Recently we have reported on several rehabilitation projects planned or ongoing at hydroelectric facilities worldwide. In total, the five projects referenced below account for 4,388 MW of total capacity. Below are some recaps of this work, with links to more information.

Clover, Australia

AGL Energy Limited has begun a five-year rehabilitation of the 29 MW Clover hydro station in Victoria. This work involves replacing turbines, generators and inlet valves to boost throughput and thus increase output capacity by 14 MW.

This station provides peaking power, as well as backup power when other generating stations are offline. It is part of the 395 MW Kiewa Hydro Scheme, which together with the McKay Creek, Bogong and West Kiewa stations provides average annual generation of 404 GWh. It is the oldest of the four stations and was commissioned in 1945.

The project will cost $27.84 million.

Folgefonn, Norway

Statkraft plans a major modernization of the Folgefonn hydropower scheme in Hardanger to meet increasing demand for renewable energy due to electrification and new industry development.

The Folgefonn development comprises the Jukla and Mauranger power plants, which began producing power in 1974 to supply the local aluminum industry. Jukla Power Plant is a combined power plant and pumping station, enabling it to use different head levels. Water from the Jukla plant is reused in the Mauranger Power Plant. Combined, the two produce 1,204 GWh of electricity annually.

Statkraft anticipates increasing installed capacity at the Mauranger power plant from 250 MW to 880 MW, providing 70 GWh to 80 GWh of new clean energy for the power system.

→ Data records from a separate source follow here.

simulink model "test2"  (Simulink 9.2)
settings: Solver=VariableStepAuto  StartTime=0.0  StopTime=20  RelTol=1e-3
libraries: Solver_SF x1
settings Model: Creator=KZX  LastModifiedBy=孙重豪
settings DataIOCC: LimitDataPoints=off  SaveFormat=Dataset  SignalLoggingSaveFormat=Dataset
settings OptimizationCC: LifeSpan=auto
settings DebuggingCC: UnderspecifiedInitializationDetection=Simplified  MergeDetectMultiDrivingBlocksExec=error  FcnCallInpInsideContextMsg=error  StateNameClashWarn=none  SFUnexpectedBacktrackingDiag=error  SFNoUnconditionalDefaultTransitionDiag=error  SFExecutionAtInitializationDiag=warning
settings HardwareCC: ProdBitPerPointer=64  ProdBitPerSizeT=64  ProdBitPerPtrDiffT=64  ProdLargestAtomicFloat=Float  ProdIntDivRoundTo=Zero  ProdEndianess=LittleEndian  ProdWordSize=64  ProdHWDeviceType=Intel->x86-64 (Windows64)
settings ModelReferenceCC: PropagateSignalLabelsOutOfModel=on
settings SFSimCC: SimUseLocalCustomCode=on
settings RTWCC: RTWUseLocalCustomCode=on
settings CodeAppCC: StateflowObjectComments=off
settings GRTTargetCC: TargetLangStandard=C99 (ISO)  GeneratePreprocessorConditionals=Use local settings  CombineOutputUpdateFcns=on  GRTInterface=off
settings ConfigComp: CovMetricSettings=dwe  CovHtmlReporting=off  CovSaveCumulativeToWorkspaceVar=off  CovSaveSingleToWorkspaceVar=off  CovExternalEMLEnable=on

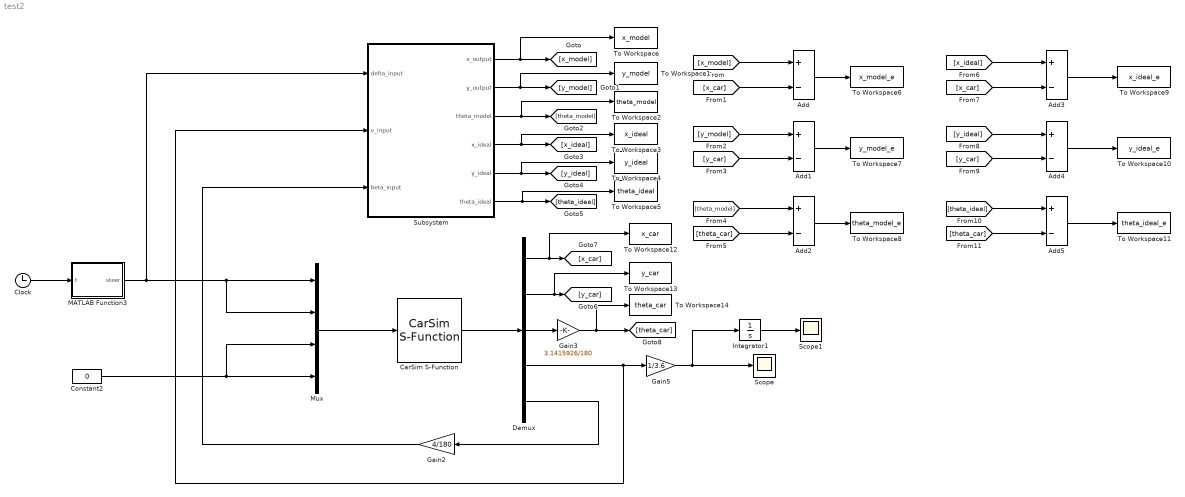
== system test2 ==
  Add{,1..5} (6 alike) : Sum  Inputs=+-
  CarSim S-Function : Solver_SF/CarSim S-Function  Priority=1  SIMFILE=simfile.sim
  Clock : Clock
  Constant2 : Constant  Value=0
  Demux : Demux  Outputs=5
  Gain2 : Gain  Gain=4/180
  Gain3 : Gain  Gain=3.1415926/180
  Gain5 : Gain  Gain=1/3.6
  Integrator1 : Integrator
  MATLAB Function3 : MATLAB Function  TreatAsAtomicUnit=on
  Mux : Mux
  Scope : Scope
  Scope1 : Scope
  Subsystem : Subsystem
  To Workspace : ToWorkspace  VariableName=x_model  SaveFormat=Timeseries  SampleTime=-1
  To Workspace1 : ToWorkspace  VariableName=y_model  SaveFormat=Timeseries  SampleTime=-1
  To Workspace10 : ToWorkspace  VariableName=y_ideal_e  SaveFormat=Timeseries  SampleTime=-1
  To Workspace11 : ToWorkspace  VariableName=theta_ideal_e  SaveFormat=Timeseries  SampleTime=-1
  To Workspace12 : ToWorkspace  VariableName=x_car  SaveFormat=Timeseries  SampleTime=-1
  To Workspace13 : ToWorkspace  VariableName=y_car  SaveFormat=Timeseries  SampleTime=-1
  To Workspace14 : ToWorkspace  VariableName=theta_car  SaveFormat=Timeseries  SampleTime=-1
  To Workspace2 : ToWorkspace  VariableName=theta_model  SaveFormat=Timeseries  SampleTime=-1
  To Workspace3 : ToWorkspace  VariableName=x_ideal  SaveFormat=Timeseries  SampleTime=-1
  To Workspace4 : ToWorkspace  VariableName=y_ideal  SaveFormat=Timeseries  SampleTime=-1
  To Workspace5 : ToWorkspace  VariableName=theta_ideal  SaveFormat=Timeseries  SampleTime=-1
  To Workspace6 : ToWorkspace  VariableName=x_model_e  SaveFormat=Timeseries  SampleTime=-1
  To Workspace7 : ToWorkspace  VariableName=y_model_e  SaveFormat=Timeseries  SampleTime=-1
  To Workspace8 : ToWorkspace  VariableName=theta_model_e  SaveFormat=Timeseries  SampleTime=-1
  To Workspace9 : ToWorkspace  VariableName=x_ideal_e  SaveFormat=Timeseries  SampleTime=-1
  wires:
  [x_car] -> Add3/2
  [x_model] -> Add/1
  Demux/3 -> Gain3/1
  Add2/1 -> To Workspace8/1
  Gain3/1 -> To Workspace14/1, [theta_car]
  Subsystem/5(y_ideal) -> To Workspace4/1, [y_ideal]
  Add/1 -> To Workspace6/1
  [theta_model] -> Add2/1
  Add1/1 -> To Workspace7/1
  Gain5/1 -> Scope/1, Integrator1/1
  Subsystem/4(x_ideal) -> To Workspace3/1, [x_ideal]
  [y_ideal] -> Add4/1
  [x_car] -> Add/2
  Demux/1 -> To Workspace12/1, [x_car]
  Subsystem/6(theta_ideal) -> To Workspace5/1, [theta_ideal]
  Demux/2 -> To Workspace13/1, [y_car]
  [y_car] -> Add4/2
  [theta_ideal] -> Add5/1
  Add4/1 -> To Workspace10/1
  Add3/1 -> To Workspace9/1
  MATLAB Function3/1(steer) -> Mux/1, Mux/2, Subsystem/1(delta_input)
  Subsystem/2(y_output) -> To Workspace1/1, [y_model]
  Subsystem/3(theta_model) -> To Workspace2/1, [theta_model]
  Demux/5 -> Gain2/1
  Constant2/1 -> Mux/3, Mux/4
  Add5/1 -> To Workspace11/1
  Subsystem/1(x_output) -> To Workspace/1, [x_model]
  CarSim S-Function/1 -> Demux/1
  Integrator1/1 -> Scope1/1
  [y_car] -> Add1/2
  [theta_car] -> Add2/2
  [theta_car] -> Add5/2
  [y_model] -> Add1/1
  Demux/4 -> Gain5/1, Subsystem/2(v_input)
  Mux/1 -> CarSim S-Function/1
  Clock/1 -> MATLAB Function3/1(t)
  Gain2/1 -> Subsystem/3(beta_input)
  [x_ideal] -> Add3/1

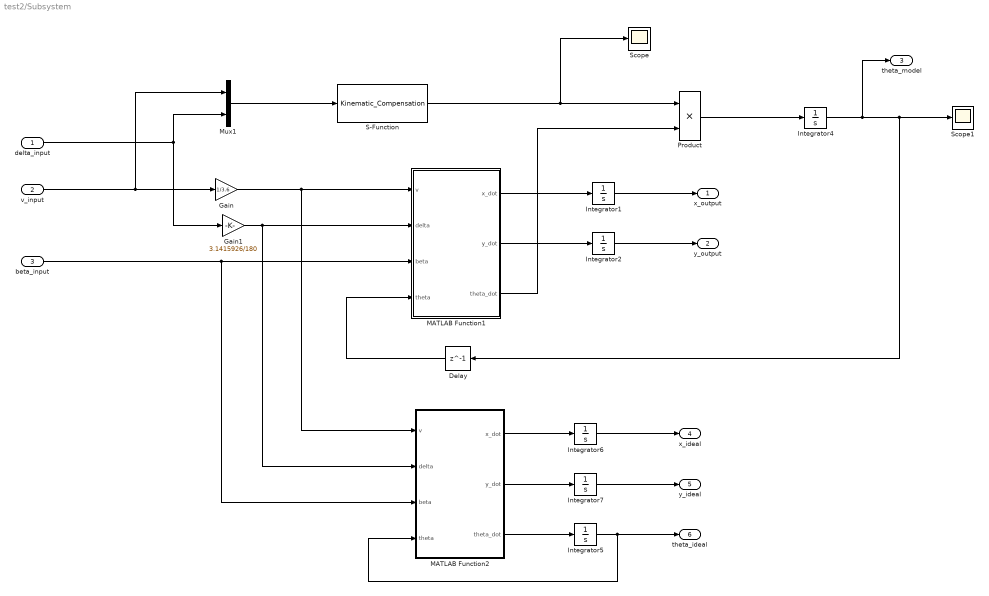
== system test2/Subsystem ==
  delta_input : Inport
  v_input : Inport  Port=2
  beta_input : Inport  Port=3
  Delay : Delay  DelayLength=1
  Gain : Gain  Gain=1/3.6
  Gain1 : Gain  Gain=3.1415926/180
  Integrator{1..2,4..7} (6 alike) : Integrator
  MATLAB Function1 : MATLAB Function  TreatAsAtomicUnit=on
  MATLAB Function2 : MATLAB Function  TreatAsAtomicUnit=on
  Mux1 : Mux  Inputs=2
  Product : Product
  S-Function : S-Function  FunctionName=Kinematic_Compensation  SFunctionModules='1'  SFunctionDeploymentMode=off  EnableBusSupport=off
  Scope : Scope
  Scope1 : Scope
  x_output : Outport
  y_output : Outport  Port=2
  theta_model : Outport  Port=3
  x_ideal : Outport  Port=4
  y_ideal : Outport  Port=5
  theta_ideal : Outport  Port=6
  wires:
  Gain1/1 -> MATLAB Function1/2(delta), MATLAB Function2/2(delta)
  Product/1 -> Integrator4/1
  v_input/1 -> Mux1/1, Gain/1
  delta_input/1 -> Mux1/2, Gain1/1
  Mux1/1 -> S-Function/1
  Integrator4/1 -> theta_model/1, Delay/1, Scope1/1
  MATLAB Function1/2(y_dot) -> Integrator2/1
  Delay/1 -> MATLAB Function1/4(theta)
  MATLAB Function1/3(theta_dot) -> Product/2
  Gain/1 -> MATLAB Function1/1(v), MATLAB Function2/1(v)
  S-Function/1 -> Scope/1, Product/1
  MATLAB Function1/1(x_dot) -> Integrator1/1
  beta_input/1 -> MATLAB Function1/3(beta), MATLAB Function2/3(beta)
  Integrator1/1 -> x_output/1
  Integrator2/1 -> y_output/1
  MATLAB Function2/3(theta_dot) -> Integrator5/1
  Integrator5/1 -> theta_ideal/1, MATLAB Function2/4(theta)
  MATLAB Function2/1(x_dot) -> Integrator6/1
  MATLAB Function2/2(y_dot) -> Integrator7/1
  Integrator7/1 -> y_ideal/1
  Integrator6/1 -> x_ideal/1

== matlab function Subsystem/MATLAB Function1 ==
  data: v input double; x_dot output double; delta input double; beta input double; theta input double; y_dot output double; theta_dot output double
function [x_dot, y_dot, theta_dot]    = fcn(v, delta,beta,theta)
L = 3.1;
x_dot = v * cos(theta + beta);
y_dot = v * sin(theta + beta);
theta_dot =v * cos(beta) * tan(delta) / L;

== matlab function Subsystem/MATLAB Function2 ==
  data: v input double; x_dot output double; delta input double; beta input double; theta input double; y_dot output double; theta_dot output double
function [x_dot, y_dot, theta_dot]    = fcn(v, delta,beta,theta)
L = 3.1;
x_dot = v * cos(theta + beta);
y_dot = v * sin(theta + beta);
theta_dot =v * cos(beta) * tan(delta) / L;

== matlab function MATLAB Function3 ==
  data: steer output double; t input double
function steer = fcn(t)
% steer =20;
   if  t < 10
       steer = 2.5 * t;
   else
       steer = 25 - 2 * (t - 10);
   end
% steer = 0;
end
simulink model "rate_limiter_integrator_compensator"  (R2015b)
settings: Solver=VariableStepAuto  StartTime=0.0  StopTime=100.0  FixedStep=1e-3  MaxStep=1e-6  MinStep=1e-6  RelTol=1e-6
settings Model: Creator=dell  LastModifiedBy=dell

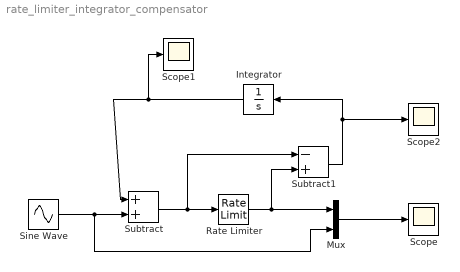
== system rate_limiter_integrator_compensator ==
  Integrator : Integrator
  Mux : Mux  Inputs=2
  Rate Limiter : RateLimiter  SampleTimeMode=inherited
  Scope : Scope
  Scope1 : Scope
  Scope2 : Scope
  Sine Wave : Sin  Amplitude=5  SampleTime=0
  Subtract : Sum
  Subtract1 : Sum  Inputs=-+
  wires:
  Subtract/1 -> Subtract1/1, Rate Limiter/1
  Rate Limiter/1 -> Mux/1, Subtract1/2
  Subtract1/1 -> Scope2/1, Integrator/1
  Integrator/1 -> Scope1/1, Subtract/1
  Sine Wave/1 -> Mux/2, Subtract/2
  Mux/1 -> Scope/1

It will take about three years before detailed planning can begin. Construction could start in 2026. The overall cost of this work was not disclosed.

Haditha, Iraq

Iraq’s Ministry of Electricity has commissioned a rehabilitation of the 660 MW Haditha hydropower project on the Haditha River in the western part of the country.

The plant was built in the 1980s and contains six 128 MVA units. Haditha Dam is an earthfill dam that is just over 9 km (5.6 mi) long and 57 m (187 ft) high. In addition to hydropower generation and flood control, the dam provides water for irrigation.

The revitalization will be spearheaded by KONČAR – Engineering (KET), with a contract awarded in June 2022 worth $68.7 million. The company will carry out a partial revitalization of generation units; replace part of the equipment, the entire plant management system, the excitation system and electric protection system; and upgrade mechanical subsystems and hydromechanical equipment.

The timeline for completing the project was not released.

Niagara Power Project, U.S.

The New York Power Authority is in the midst of its Next Generation Niagara project, a 15-year modernization and digitization program for the 2,675 MW Niagara Power Project. The Niagara plant is the largest source of clean electricity in New York State and began producing power in 1961.

Launched in 2019, this program will extend the operating life of the project and involve replacing the gantry crane, inspecting the Robert Moses plant penstocks, upgrading and digitizing control systems and overhauling and/or replacing end-of-life mechanical components.

Sultartangi, Iceland

Landsvirkjun, the National Power Company of Iceland, is uprating the second generator stator at the 130 MW Sultartangi hydroelectric station from 75 MVA to 80 MVA.

The Sultartangi Power Station was put into commercial operation in 1999 and uses water from the River Tungnaá and the River Thjórsás, as the two rivers are joined in the Sultartangalón Reservoir above the station. Average annual electricity production at the station is 1,020 GWh.

The uprate of the first generator stator was completed in September 2021.